■ **Description of the task**: Of the lines listed below, return exactly those that run from the line containing "-14486.6082508968), (97086.90349016106, -24426.61538177478))" through the line containing "-24426.61538177478), (89886.80552545143, -24426.6153830188))", both included.

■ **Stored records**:
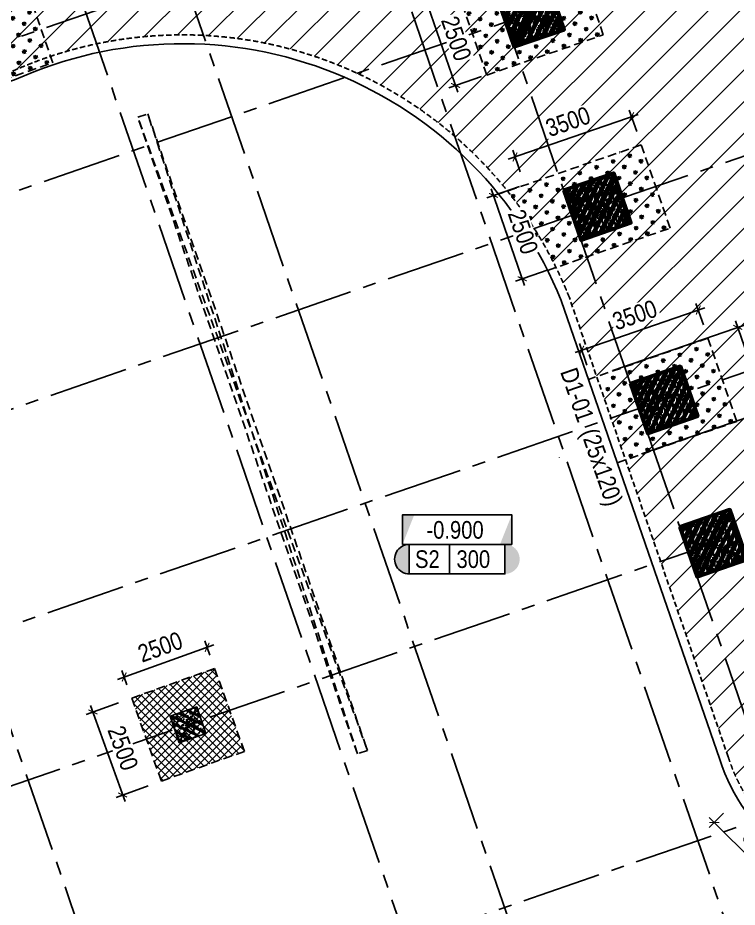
# Model space of a CAD drawing. Header units: millimetres. Extents: x -80883 to 1373228, y -532110 to 182357.
# Drawn here: x 1263269 to 1283684, y -337043 to -311817 of the extents above; entities that cross this region are included whole.
import ezdxf
from ezdxf.enums import TextEntityAlignment as Align

# ---------------------------------------------------------------- set-up
doc = ezdxf.new("R2010")
doc.units = ezdxf.units.MM
doc.header["$LTSCALE"] = 100
doc.header["$PDMODE"] = 32
doc.header["$PDSIZE"] = 2.5
for name, pattern in [('CENTER2', [1.125, 0.75, -0.125, 0.125, -0.125]), ('DASHED', [4.5, 3, -1.5]), ('HIDDEN', [0.375, 0.25, -0.125])]:
    doc.linetypes.add(name, pattern=pattern)
for name, color, linetype, lineweight in [('0-Hatch', 250, 'Continuous', 40), ('ccu12-Tencaukien', 9, 'Continuous', 15), ('KC-Tencaukien', 9, 'Continuous', 15), ('KT-Net cot', 2, 'Continuous', 50), ('KT-Net cot vach', 6, 'Continuous', 50)]:
    doc.layers.add(name, color=color, linetype=linetype, lineweight=lineweight)
for name, color, linetype in [('0-khuat', 3, 'HIDDEN'), ('ccu11-Khuat', 9, 'DASHED'), ('ccu11-Manh', 8, 'Continuous'), ('ccu12-Chidan', 9, 'Continuous'), ('ccu12-Hatch', 250, 'Continuous'), ('ccu12-Text', 31, 'Continuous'), ('ccu12-Thay', 7, 'Continuous'), ('ccu12-Truc', 13, 'CENTER2'), ('KC2-DIM', 251, 'Continuous'), ('KCS_COLUMN', 2, 'Continuous'), ('Xref.Asix of Basement B2$0$Xref.Asix of Basement$0$KT-Net cot vach', 6, 'Continuous')]:
    doc.layers.add(name, color=color, linetype=linetype)
doc.styles.add('Arial Narrow', font='ARIALN.TTF')
doc.dimstyles.new('ccu12-200', dxfattribs={"dimscale": 200, "dimtxt": 2.5, "dimasz": 1, "dimexe": 1, "dimexo": 2, "dimgap": 1, "dimtad": 1, "dimdec": 0, "dimrnd": 5, "dimdsep": 46, "dimtxsty": 'Arial Narrow', "dimblk": 'ARCHTICK', "dimcen": -1, "dimdle": 1, "dimclrd": 256, "dimclre": 256, "dimclrt": 3, "dimadec": 0, "dimazin": 2, "dimtfac": 0.1, "dimtdec": 0, "dimtmove": 0, "dimatfit": 1, "dimldrblk": 'ARCHTICK', "dimfxl": 1, "dimtvp": 0.8333333333333334, "dimtolj": 1, "dimtzin": 12, "dimarcsym": 0})

# ---------------------------------------------------------------- blocks, each defined once
blk = doc.blocks.new('MBKC-T1-PN')
at = {"layer": '0-Hatch', "ltscale": 2}
h = blk.add_hatch(dxfattribs=at)
h.set_pattern_fill('CROSS', color=256, scale=1000, angle=109.047137953997, style=0)
h.set_pattern_definition([(109.0471379539969, (4063272.425263742, -6949223.737998943), (-317.8990851971258, 154.7261181275824), [124.9999999999984, -374.9999999999935]), (199.0471379539969, (4063311.106793273, -6949144.263227643), (-154.7261181275824, -317.8990851971258), [124.9999999999984, -374.9999999999935])])
h.paths.add_polyline_path([(29727.98328719824, -11952.80472232198), (28499.49876486883, -12376.93620520289), (28825.84469822655, -13322.18660958915), (31661.59591817483, -12343.14880717138), (30029.86624747887, -7616.896773923829), (28422.5993957594, -8171.802646955766)])
h = blk.add_hatch(dxfattribs=at)
h.set_pattern_fill('CROSS', color=256, scale=1000, angle=109.047137953997, style=0)
h.set_pattern_definition([(109.0471379539969, (4079066.037089799, -6949695.378808561), (-317.8990851971258, 154.7261181275824), [124.9999999999991, -374.9999999999963]), (199.0471379539969, (4079104.71861933, -6949615.904037262), (-154.7261181275824, -317.8990851971258), [124.9999999999991, -374.9999999999962])])
h.paths.add_polyline_path([(46467.72336526448, -9188.514353343868), (43159.34694199171, -10330.72512283118), (43975.21150134364, -12693.85123474168), (47283.58792461688, -11551.64046525437)])
h = blk.add_hatch(dxfattribs=at)
h.set_pattern_fill('CROSS', color=256, scale=1000, angle=109.047137953997, style=0)
h.set_pattern_definition([(109.0471379539969, (4080958.843508229, -6955177.831166982), (-317.8990851971258, 154.7261181275824), [124.9999999999991, -374.9999999999962]), (199.0471379539969, (4080997.52503776, -6955098.356395683), (-154.7261181275824, -317.8990851971258), [124.999999999999, -374.9999999999962])])
h.paths.add_polyline_path([(48360.52978369454, -14670.96671176434), (44563.97506941389, -15981.7201227409), (45942.19832887058, -18150.69294572814), (49176.39434304694, -17034.09282367484)])
h = blk.add_hatch(dxfattribs=at)
h.set_pattern_fill('CROSS', color=256, scale=1000, angle=109.047137953997, style=0)
h.set_pattern_definition([(109.0471379539969, (4082851.648381703, -6960660.284058795), (-317.8990851971258, 154.7261181275824), [124.999999999999, -374.9999999999962]), (199.0471379539969, (4082890.329911234, -6960580.809287497), (-154.7261181275824, -317.8990851971258), [124.999999999999, -374.9999999999961])])
h.paths.add_polyline_path([(47095.57202883321, -21243.63124219223), (47913.12660448276, -23606.17387913854), (51069.19921652135, -22516.54571548838), (50253.33465716895, -20153.41960357787)])
at = {"layer": 'ccu12-Hatch', "ltscale": 0.5}
h = blk.add_hatch(dxfattribs=at)
h.set_pattern_fill('ANSI31', color=256, scale=200)
h.set_pattern_definition([(45, (-1232600.871086698, 300749.4537652719), (-449.0128060534577, 449.0128060534577), [])])
edge = h.paths.add_edge_path()
edge.add_arc((39596.5258784194, -12165.34503250691), 24169.46523214078, 82.88137897741478, 110.3519449384467, ccw=False)
edge.add_line((42591.70211395179, 11817.81507882464), (58406.76826363965, 7707.460248947376))
edge.add_arc((57566.76677237987, 4896.279314257787), 2933.997401648627, 22.368302132014207, 73.36346853650582, ccw=False)
edge.add_line((60280.00056402339, 6012.837931064423), (65645.2552123724, -9495.342720050656))
edge.add_arc((69912.35162360128, -7700.789438651875), 4629.096376454211, 202.8094831940485, 267.8461387636046)
edge.add_line((69738.37575314008, -12326.61538209155), (89786.80552536738, -12326.61538209155))
edge.add_line((89786.80552536738, -12326.61538209155), (89786.80552536552, -14486.6249031527))
edge.add_line((89786.80552536552, -14486.6249031527), (90834.7687206131, -14486.62490315287))
edge.add_line((90834.7687206131, -14486.62490315287), (90834.76635349239, -14486.62703115697))
edge.add_line((90834.76635349239, -14486.62703115697), (93582.1413394094, -14486.62703115703))
edge.add_line((93582.1413394094, -14486.62703115703), (93582.14357479545, -14486.50828201312))
edge.add_line((93582.14357479545, -14486.50828201312), (97086.90349016106, -14486.6082508968))
edge.add_line((97086.90349016106, -14486.6082508968), (97086.90349016106, -24426.61538177478))
edge.add_line((97086.90349016106, -24426.61538177478), (89886.80552545143, -24426.6153830188))
edge.add_line((89886.80552545143, -24426.6153830188), (89886.80552545143, -26426.61538159492))
edge.add_line((89886.80552545143, -26426.61538159492), (104609.6535231646, -26426.61538159504))
edge.add_line((104609.6535231646, -26426.61538159504), (105347.4875280627, -29849.06259193434))
edge.add_arc((100503.7394000653, -30535.27201428305), 4892.113990781321, -88.98280526600831, 8.063382661788978, ccw=False)
edge.add_line((100590.5864808073, -35426.61506945355), (55455.55192690738, -35426.61506945355))
edge.add_arc((55461.66778308339, -30567.90211140737), 4858.716807180945, 197.5048071931062, 269.9278795506233, ccw=False)
edge.add_line((50827.94980508671, -32029.33521380113), (46319.23951797537, -19000.21078809898))
edge.add_arc((35342.89111414202, -23363.40948498569), 11811.76223731449, 21.6782725501053, 114.2965891740708)
edge.add_line((30482.82222025329, -12597.84133938845), (15440.22126940242, -17787.66880758357))
edge.add_arc((13548.83679810865, -12297.90464630711), 5806.448636187753, 244.533379235947, 289.01032906862923, ccw=False)
edge.add_arc((51601.22406761372, 27498.46431632899), 60602.85856022522, 217.6298442272399, 228.0027393231647, ccw=False)
edge.add_line((3605.473727127304, -9503.081798993808), (-504.3626536345109, -3435.722267398494))
edge.add_arc((2629.021960851969, -2740.241346217575), 3209.640611350007, 105.4996049737502, 192.5144003469773, ccw=False)
edge.add_line((1771.304140177555, 352.6720043509267), (31190.7288702894, 10495.31749677))
at = {"layer": '0-khuat', "ltscale": 10}
for p, q in [((31661.5959181746, -12343.14880717138), (30029.86624747911, -7616.896773923712)), ((28825.84469822608, -13322.1866095892), (31661.5959181746, -12343.14880717138))]:
    blk.add_line(p, q, dxfattribs=at)
blk.add_lwpolyline([(47283.58792461688, -11551.64046525437), (46467.72336526448, -9188.514353343868), (43159.34694199171, -10330.72512283118), (43975.21150134364, -12693.85123474168)], close=True, dxfattribs=at)
for points in [[(45703.99809582974, -18232.93113046425), (49176.39434304694, -17034.09282367484), (48360.52978369454, -14670.96671176434), (44312.733384819, -16068.46084422281)], [(47676.81394240842, -23687.7603835304), (51069.19921652135, -22516.54571548838), (50253.33465716895, -20153.41960357787), (46859.2593667591, -21325.21774658421)]]:
    blk.add_lwpolyline(points, dxfattribs=at)
at = {"layer": 'ccu11-Khuat', "ltscale": 0.5, "elevation": -0.1248620286703281}
blk.add_lwpolyline([(100590.5864808073, -35426.61506945355), (55455.55192690738, -35426.61506945355, -0.3269618123751123), (50827.94980508671, -32029.33521380113), (46319.23951797537, -19000.21078809898, 0.4276624970093012), (30482.82222025329, -12597.84133938845), (15440.22126940242, -17787.66880758357, -0.1965409036496166), (11052.14983252855, -17540.17514300876, -0.04529122358984782), (3605.473727127304, -9503.081798993808), (-504.3626536345109, -3435.722267398494, -0.3990343803495413), (1771.304140177555, 352.6720043509267), (31190.7288702894, 10495.31749677, -0.1204403028230274), (42591.70211395179, 11817.81507882464), (58406.76826363965, 7707.460248947376, -0.2262547279600852), (60280.00056402339, 6012.837931064423), (65645.2552123724, -9495.342720050656, 0.2916469557633262), (69738.37575314008, -12326.61538209155), (89786.80552536738, -12326.61538209155)], format="xyb", dxfattribs=at)
at = {"layer": 'ccu12-Thay', "ltscale": 0.5, "elevation": -0.1248620286703281}
blk.add_lwpolyline([(100592.7780615496, -35676.61506945355), (55455.39655799186, -35676.61506945355, -0.3267809868965265), (50590.58009542292, -32107.86709642987), (46084.84347490547, -19087.33587578748, 0.427810969143063), (30575.27555690287, -12830.40478876728), (15521.75718290871, -18023.99886239826, -0.1981128104978065), (10911.61054585082, -17750.02456894092, -0.0454709095100691), (3402.789631705265, -9649.635404628643), (-737.5713195712306, -3537.212389550812, -0.4024491153328594), (1696.951964988839, 591.4787324376521), (31106.50964570185, 10730.72245935566)], format="xyb", dxfattribs=at)
blk = doc.blocks.new('Grid-ST-flat-3')
at = {"layer": 'ccu12-Truc', "ltscale": 30}
for p, q in [((343189.8455156267, -39014.65546948352), (361219.3016763728, -91236.39007851167)), ((340897.6132794917, -39806.04435974167), (359986.9050177329, -95097.55833493307)), ((335415.1609209012, -41698.85077767866), (354504.452659484, -96990.36475386203)), ((332626.6722212732, -42661.57128335355), (351715.9639600301, -97953.08526004129)), ((324450.2562037199, -45484.46361355274), (343539.5479429879, -100775.9775917197)), ((377595.9390357225, -60477.92775269796), (312746.7367284151, -82866.99351539748)), ((352142.8453968058, -64928.08572440385), (311408.7183977929, -78991.46684835991)), ((377787.2916931123, -66547.80383867014), (314639.5431473439, -88349.44587364572)), ((368131.1051668772, -76017.52440288517), (316532.3495662729, -93831.89823189395)), ((369534.392683656, -80082.1011514843), (317935.6370837544, -97896.47498025041)), ((362499.3874795341, -90794.44285003131), (320490.9257493084, -105297.7856638855))]:
    blk.add_line(p, q, dxfattribs=at)
blk = doc.blocks.new('*U338')
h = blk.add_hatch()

■ **Written solution**:
edge.add_line((97086.90349016106, -14486.6082508968), (97086.90349016106, -24426.61538177478))
edge.add_line((97086.90349016106, -24426.61538177478), (89886.80552545143, -24426.6153830188))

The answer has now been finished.